● **Exercise prompt**
Of all the lines in the entries below, give again exactly those starting at the line containing "#1228 = ORIENTED_EDGE" and ending at the line containing "#12313 = CARTESIAN_POINT", both ends included, and no others.

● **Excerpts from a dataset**
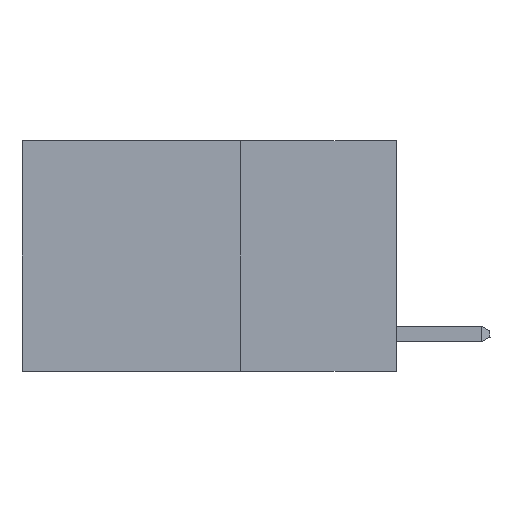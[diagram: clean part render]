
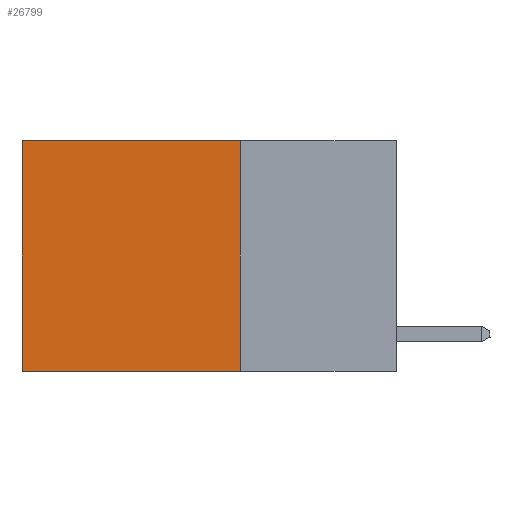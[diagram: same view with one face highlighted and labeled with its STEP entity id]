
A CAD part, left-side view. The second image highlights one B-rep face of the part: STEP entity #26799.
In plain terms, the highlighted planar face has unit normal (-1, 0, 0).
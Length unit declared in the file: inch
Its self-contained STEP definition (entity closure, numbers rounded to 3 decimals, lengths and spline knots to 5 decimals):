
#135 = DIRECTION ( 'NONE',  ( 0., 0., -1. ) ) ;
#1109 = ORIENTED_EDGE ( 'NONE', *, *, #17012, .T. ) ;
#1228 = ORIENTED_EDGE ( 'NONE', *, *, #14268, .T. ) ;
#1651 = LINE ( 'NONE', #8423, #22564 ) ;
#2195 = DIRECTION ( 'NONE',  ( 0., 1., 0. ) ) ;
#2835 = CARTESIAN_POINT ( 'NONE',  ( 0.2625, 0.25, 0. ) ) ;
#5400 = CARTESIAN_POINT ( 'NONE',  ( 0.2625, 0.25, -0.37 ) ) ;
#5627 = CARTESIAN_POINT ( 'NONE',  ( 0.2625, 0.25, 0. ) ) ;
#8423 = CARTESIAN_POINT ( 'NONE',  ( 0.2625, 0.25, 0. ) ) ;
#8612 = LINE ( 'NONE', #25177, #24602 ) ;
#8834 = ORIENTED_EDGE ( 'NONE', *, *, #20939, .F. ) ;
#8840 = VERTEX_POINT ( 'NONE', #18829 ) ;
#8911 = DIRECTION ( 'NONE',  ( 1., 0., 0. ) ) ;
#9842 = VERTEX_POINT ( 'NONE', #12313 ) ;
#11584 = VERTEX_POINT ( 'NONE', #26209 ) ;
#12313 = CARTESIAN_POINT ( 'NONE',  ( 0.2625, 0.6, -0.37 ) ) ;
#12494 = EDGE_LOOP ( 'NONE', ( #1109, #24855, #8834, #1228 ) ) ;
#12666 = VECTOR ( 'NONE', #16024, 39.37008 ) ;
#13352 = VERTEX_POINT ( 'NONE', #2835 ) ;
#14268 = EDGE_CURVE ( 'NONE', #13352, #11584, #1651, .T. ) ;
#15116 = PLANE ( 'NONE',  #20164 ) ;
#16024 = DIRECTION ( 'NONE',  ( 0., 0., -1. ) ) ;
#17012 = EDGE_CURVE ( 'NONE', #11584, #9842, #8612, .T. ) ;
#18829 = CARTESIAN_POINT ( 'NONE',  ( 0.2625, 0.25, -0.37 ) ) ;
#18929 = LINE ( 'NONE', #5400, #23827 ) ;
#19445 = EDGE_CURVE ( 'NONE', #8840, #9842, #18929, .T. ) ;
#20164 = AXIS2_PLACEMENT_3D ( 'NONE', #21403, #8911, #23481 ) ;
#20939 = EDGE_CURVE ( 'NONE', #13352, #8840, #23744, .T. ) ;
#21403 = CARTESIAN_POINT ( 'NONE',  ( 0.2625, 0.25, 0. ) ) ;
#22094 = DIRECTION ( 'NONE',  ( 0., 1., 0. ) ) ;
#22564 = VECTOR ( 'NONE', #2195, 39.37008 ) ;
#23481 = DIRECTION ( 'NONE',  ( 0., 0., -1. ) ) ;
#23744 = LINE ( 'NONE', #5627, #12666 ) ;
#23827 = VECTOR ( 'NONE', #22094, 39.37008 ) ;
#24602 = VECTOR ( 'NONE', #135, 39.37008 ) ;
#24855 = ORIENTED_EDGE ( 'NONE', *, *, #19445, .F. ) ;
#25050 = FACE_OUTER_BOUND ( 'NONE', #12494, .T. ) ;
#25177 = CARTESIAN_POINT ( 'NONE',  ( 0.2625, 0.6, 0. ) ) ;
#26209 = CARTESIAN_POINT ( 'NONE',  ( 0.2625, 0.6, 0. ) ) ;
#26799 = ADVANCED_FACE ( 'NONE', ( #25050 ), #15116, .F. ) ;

● **Solution to the exercise**
#1228 = ORIENTED_EDGE ( 'NONE', *, *, #14268, .T. ) ;
#1651 = LINE ( 'NONE', #8423, #22564 ) ;
#2195 = DIRECTION ( 'NONE',  ( 0., 1., 0. ) ) ;
#2835 = CARTESIAN_POINT ( 'NONE',  ( 0.2625, 0.25, 0. ) ) ;
#5400 = CARTESIAN_POINT ( 'NONE',  ( 0.2625, 0.25, -0.37 ) ) ;
#5627 = CARTESIAN_POINT ( 'NONE',  ( 0.2625, 0.25, 0. ) ) ;
#8423 = CARTESIAN_POINT ( 'NONE',  ( 0.2625, 0.25, 0. ) ) ;
#8612 = LINE ( 'NONE', #25177, #24602 ) ;
#8834 = ORIENTED_EDGE ( 'NONE', *, *, #20939, .F. ) ;
#8840 = VERTEX_POINT ( 'NONE', #18829 ) ;
#8911 = DIRECTION ( 'NONE',  ( 1., 0., 0. ) ) ;
#9842 = VERTEX_POINT ( 'NONE', #12313 ) ;
#11584 = VERTEX_POINT ( 'NONE', #26209 ) ;
#12313 = CARTESIAN_POINT ( 'NONE',  ( 0.2625, 0.6, -0.37 ) ) ;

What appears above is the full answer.